JUDITH OSBORN'S
'EVERYBODY IS NOBODY'

BY ROB SCHOLTE Artist

Her work represents the essence of what she wants to show
us. My words may become part of this representation. Inside I
find rougher versions. The bodies are mostly dilapidated and
they show their round forms as a skeleton, even if they are fat
and saggy. The style of painting is scant and unpretentious.
Knowledge of the anatomy is not necessary and, in fact,
would be superfluous. The colours remain faded, the eyes are
always bleached out. I see combinations of blue/white, yellow/
black/white, blue/black/white, pink/ black/white and pink/
blue/black/white. The richness of a full colour spectrum is
intentionally avoided.

These female bodies are not repulsive, but they certainly do not
attract me. The knuckles stand out, they are white, not because
of hunger or some physical problem, they stand out because
they contrast with the body. They seem to be a counterpoint for
the lewdness of the flesh.

In Osborn’s archive, preceding these paintings is a series of
landscapes. In a way, these are bodies too. Heavenly bodies,
you could say, that show themselves in both pleasant and
unpleasant ways. Osborn’s flowers don’t stand firmly, but seem
to be slightly drooping. When I mention this to her, she tells
me it’s because she turned these canvases upside down. Osborn
becomes Georg Baselitz, images as a clear result of previous
weather conditions.
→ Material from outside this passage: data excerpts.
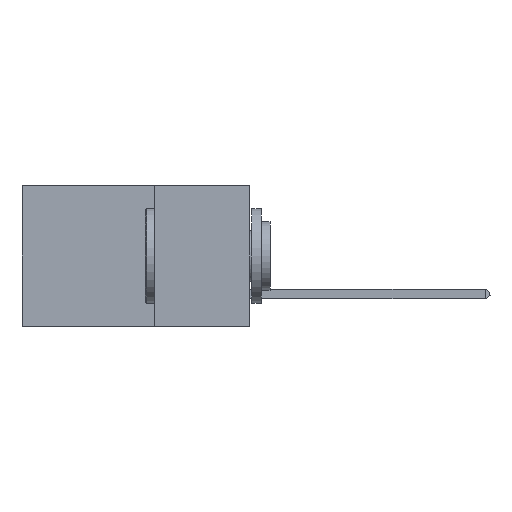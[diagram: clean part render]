
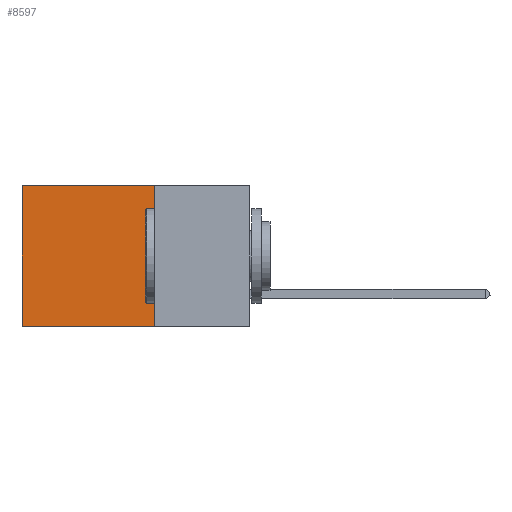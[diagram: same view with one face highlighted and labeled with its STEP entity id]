
A CAD part, left-side view. The second image highlights one B-rep face of the part: STEP entity #8597.
In plain terms, the highlighted planar face has unit normal (-1, 0, 0).
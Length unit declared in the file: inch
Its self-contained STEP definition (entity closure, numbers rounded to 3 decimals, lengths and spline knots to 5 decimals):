
#430 = CARTESIAN_POINT ( 'NONE',  ( 0.2875, 0.6, 0. ) ) ;
#2539 = CARTESIAN_POINT ( 'NONE',  ( 0.2875, 0.25, -0.37 ) ) ;
#6468 = VERTEX_POINT ( 'NONE', #22040 ) ;
#6699 = AXIS2_PLACEMENT_3D ( 'NONE', #41115, #16269, #44188 ) ;
#6993 = VECTOR ( 'NONE', #33671, 39.37008 ) ;
#8597 = ADVANCED_FACE ( 'NONE', ( #41325 ), #33865, .F. ) ;
#10326 = EDGE_CURVE ( 'NONE', #31037, #43566, #25820, .T. ) ;
#10353 = ORIENTED_EDGE ( 'NONE', *, *, #31446, .T. ) ;
#10479 = LINE ( 'NONE', #16890, #19816 ) ;
#10927 = CARTESIAN_POINT ( 'NONE',  ( 0.2875, 0.25, 0. ) ) ;
#11263 = DIRECTION ( 'NONE',  ( 0., 0., -1. ) ) ;
#13584 = EDGE_CURVE ( 'NONE', #6468, #38582, #24947, .T. ) ;
#15448 = ORIENTED_EDGE ( 'NONE', *, *, #10326, .F. ) ;
#15902 = CARTESIAN_POINT ( 'NONE',  ( 0.2875, 0.25, -0.37 ) ) ;
#16269 = DIRECTION ( 'NONE',  ( 1., 0., 0. ) ) ;
#16852 = EDGE_LOOP ( 'NONE', ( #38992, #16993, #15448, #10353 ) ) ;
#16890 = CARTESIAN_POINT ( 'NONE',  ( 0.2875, 0.25, 0. ) ) ;
#16993 = ORIENTED_EDGE ( 'NONE', *, *, #34338, .F. ) ;
#19816 = VECTOR ( 'NONE', #27600, 39.37008 ) ;
#22040 = CARTESIAN_POINT ( 'NONE',  ( 0.2875, 0.6, 0. ) ) ;
#24947 = LINE ( 'NONE', #430, #33200 ) ;
#25820 = LINE ( 'NONE', #10927, #42171 ) ;
#27600 = DIRECTION ( 'NONE',  ( 0., 1., 0. ) ) ;
#28545 = DIRECTION ( 'NONE',  ( 0., 0., -1. ) ) ;
#31037 = VERTEX_POINT ( 'NONE', #39330 ) ;
#31446 = EDGE_CURVE ( 'NONE', #31037, #6468, #10479, .T. ) ;
#33200 = VECTOR ( 'NONE', #11263, 39.37008 ) ;
#33671 = DIRECTION ( 'NONE',  ( 0., 1., 0. ) ) ;
#33865 = PLANE ( 'NONE',  #6699 ) ;
#34338 = EDGE_CURVE ( 'NONE', #43566, #38582, #38142, .T. ) ;
#36405 = CARTESIAN_POINT ( 'NONE',  ( 0.2875, 0.6, -0.37 ) ) ;
#38142 = LINE ( 'NONE', #15902, #6993 ) ;
#38582 = VERTEX_POINT ( 'NONE', #36405 ) ;
#38992 = ORIENTED_EDGE ( 'NONE', *, *, #13584, .T. ) ;
#39330 = CARTESIAN_POINT ( 'NONE',  ( 0.2875, 0.25, 0. ) ) ;
#41115 = CARTESIAN_POINT ( 'NONE',  ( 0.2875, 0.25, 0. ) ) ;
#41325 = FACE_OUTER_BOUND ( 'NONE', #16852, .T. ) ;
#42171 = VECTOR ( 'NONE', #28545, 39.37008 ) ;
#43566 = VERTEX_POINT ( 'NONE', #2539 ) ;
#44188 = DIRECTION ( 'NONE',  ( 0., 0., -1. ) ) ;
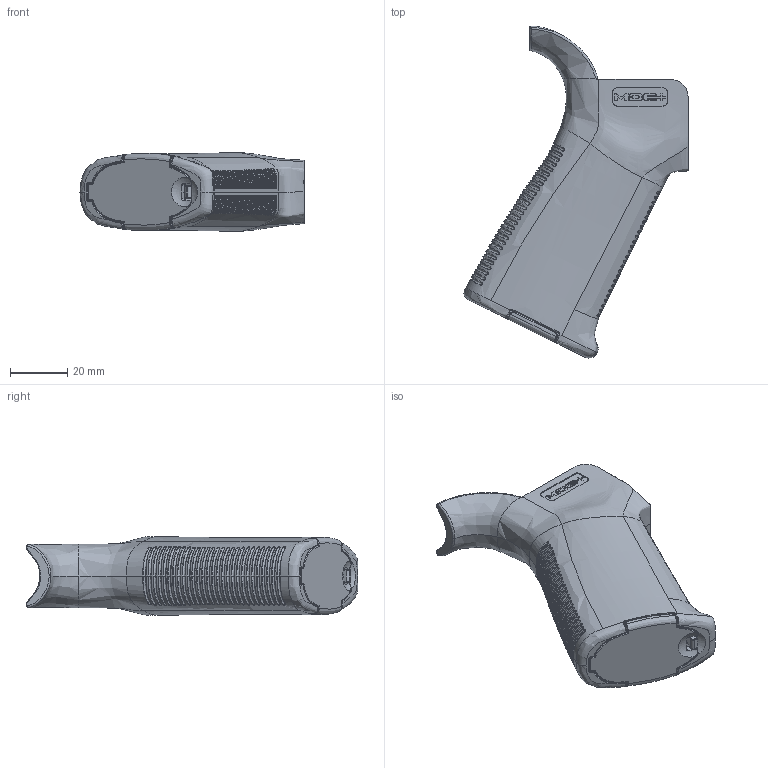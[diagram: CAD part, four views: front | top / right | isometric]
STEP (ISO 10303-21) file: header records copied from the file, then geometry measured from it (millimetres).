
FILE_DESCRIPTION( ( '' ), ' ' );
FILE_NAME( '5a11559d45e0160f24f889ed.step', '2017-11-19T09:58:03', ( '' ), ( '' ), ' ', ' ', ' ' );
FILE_SCHEMA( ( 'AUTOMOTIVE_DESIGN { 1 0 10303 214 1 1 1 1 }' ) );
Length unit declared in the file: metre
Products named in the file (1): Part 1
Bounding box: 78.08 x 115.71 x 27.45 mm (x, y, z)
Volume: 53104.1 mm3; surface area: 24626.3 mm2
Topology: 1 solids, 1 shells, 580 faces, 1476 edges, 949 vertices
Faces by surface type: bspline 337, plane 160, cylinder 57, extrusion 16, torus 8, revolution 2
Full cylindrical faces by diameter (mm): 2.997 x1, 7.112 x1, 7.62 x1
Entity records: 170443 total; most frequent: CARTESIAN_POINT 154908, ORIENTED_EDGE 2936, EDGE_CURVE 1468, DIRECTION 1149, B_SPLINE_CURVE_WITH_KNOTS 995, VERTEX_POINT 948, EDGE_LOOP 652, FACE_OUTER_BOUND 583
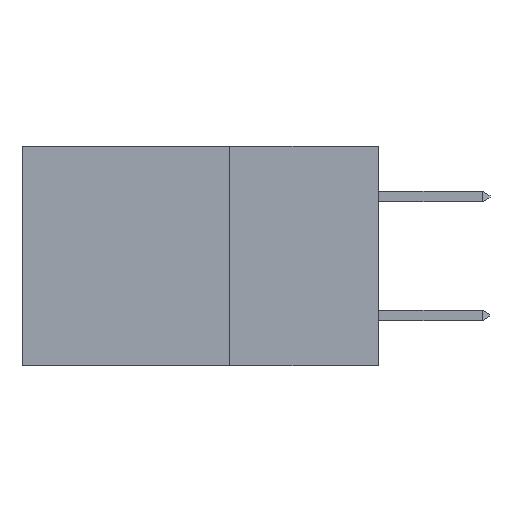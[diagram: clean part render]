
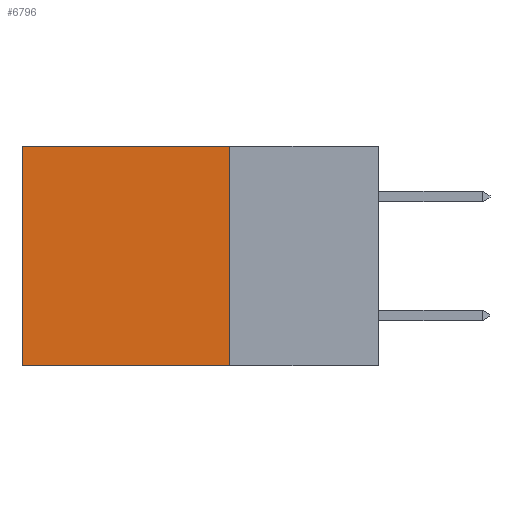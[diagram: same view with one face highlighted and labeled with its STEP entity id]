
A CAD part, left-side view. The second image highlights one B-rep face of the part: STEP entity #6796.
In plain terms, the highlighted planar face has unit normal (-1, 0, 0).
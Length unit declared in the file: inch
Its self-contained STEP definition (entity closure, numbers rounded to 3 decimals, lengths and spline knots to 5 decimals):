
#412 = VERTEX_POINT ( 'NONE', #614 ) ;
#488 = ORIENTED_EDGE ( 'NONE', *, *, #15763, .F. ) ;
#614 = CARTESIAN_POINT ( 'NONE',  ( 0.298, 0.6, -0.37 ) ) ;
#857 = ORIENTED_EDGE ( 'NONE', *, *, #9486, .F. ) ;
#1609 = VERTEX_POINT ( 'NONE', #3109 ) ;
#1620 = ORIENTED_EDGE ( 'NONE', *, *, #12744, .T. ) ;
#1913 = CARTESIAN_POINT ( 'NONE',  ( 0.298, 0.25, 0. ) ) ;
#2023 = EDGE_CURVE ( 'NONE', #1609, #412, #6480, .T. ) ;
#2612 = DIRECTION ( 'NONE',  ( 0., 1., 0. ) ) ;
#3109 = CARTESIAN_POINT ( 'NONE',  ( 0.298, 0.6, 0. ) ) ;
#4009 = CARTESIAN_POINT ( 'NONE',  ( 0.298, 0.25, -0.37 ) ) ;
#4591 = CARTESIAN_POINT ( 'NONE',  ( 0.298, 0.25, -0.37 ) ) ;
#5066 = CARTESIAN_POINT ( 'NONE',  ( 0.298, 0.25, 0. ) ) ;
#5594 = DIRECTION ( 'NONE',  ( 0., 0., -1. ) ) ;
#6457 = DIRECTION ( 'NONE',  ( 0., 0., -1. ) ) ;
#6480 = LINE ( 'NONE', #7865, #16001 ) ;
#6796 = ADVANCED_FACE ( 'NONE', ( #7443 ), #11919, .F. ) ;
#7443 = FACE_OUTER_BOUND ( 'NONE', #10404, .T. ) ;
#7657 = ORIENTED_EDGE ( 'NONE', *, *, #2023, .T. ) ;
#7865 = CARTESIAN_POINT ( 'NONE',  ( 0.298, 0.6, 0. ) ) ;
#8164 = CARTESIAN_POINT ( 'NONE',  ( 0.298, 0.25, 0. ) ) ;
#8253 = LINE ( 'NONE', #10486, #11869 ) ;
#9486 = EDGE_CURVE ( 'NONE', #17801, #12762, #8253, .T. ) ;
#10404 = EDGE_LOOP ( 'NONE', ( #7657, #488, #857, #1620 ) ) ;
#10486 = CARTESIAN_POINT ( 'NONE',  ( 0.298, 0.25, 0. ) ) ;
#11834 = DIRECTION ( 'NONE',  ( 0., 0., -1. ) ) ;
#11869 = VECTOR ( 'NONE', #11834, 39.37008 ) ;
#11919 = PLANE ( 'NONE',  #12169 ) ;
#11949 = VECTOR ( 'NONE', #2612, 39.37008 ) ;
#12169 = AXIS2_PLACEMENT_3D ( 'NONE', #5066, #14579, #6457 ) ;
#12744 = EDGE_CURVE ( 'NONE', #17801, #1609, #15469, .T. ) ;
#12762 = VERTEX_POINT ( 'NONE', #4009 ) ;
#14579 = DIRECTION ( 'NONE',  ( 1., 0., 0. ) ) ;
#15257 = VECTOR ( 'NONE', #15459, 39.37008 ) ;
#15459 = DIRECTION ( 'NONE',  ( 0., 1., 0. ) ) ;
#15469 = LINE ( 'NONE', #8164, #11949 ) ;
#15670 = LINE ( 'NONE', #4591, #15257 ) ;
#15763 = EDGE_CURVE ( 'NONE', #12762, #412, #15670, .T. ) ;
#16001 = VECTOR ( 'NONE', #5594, 39.37008 ) ;
#17801 = VERTEX_POINT ( 'NONE', #1913 ) ;

Silence after the storm. The sea has been
tumultuous too, but now the breakers arrive calmly at the shore
again. Velvet shows itself. The day is over. What comes is the
quietness of the early evening.

Everybody is nobody. Everything is nothing. Upside is down.
Good is bad. Peace is war. Is that so?

It is true as long as the world is ruled by the following
dominating principle — a notion an old friend once tried to
explain to me. Only later did I learn that he was right. “Scholte,
you don’t understand! when they say ‘all the others’, that
doesn’t mean everybody.” and so it is.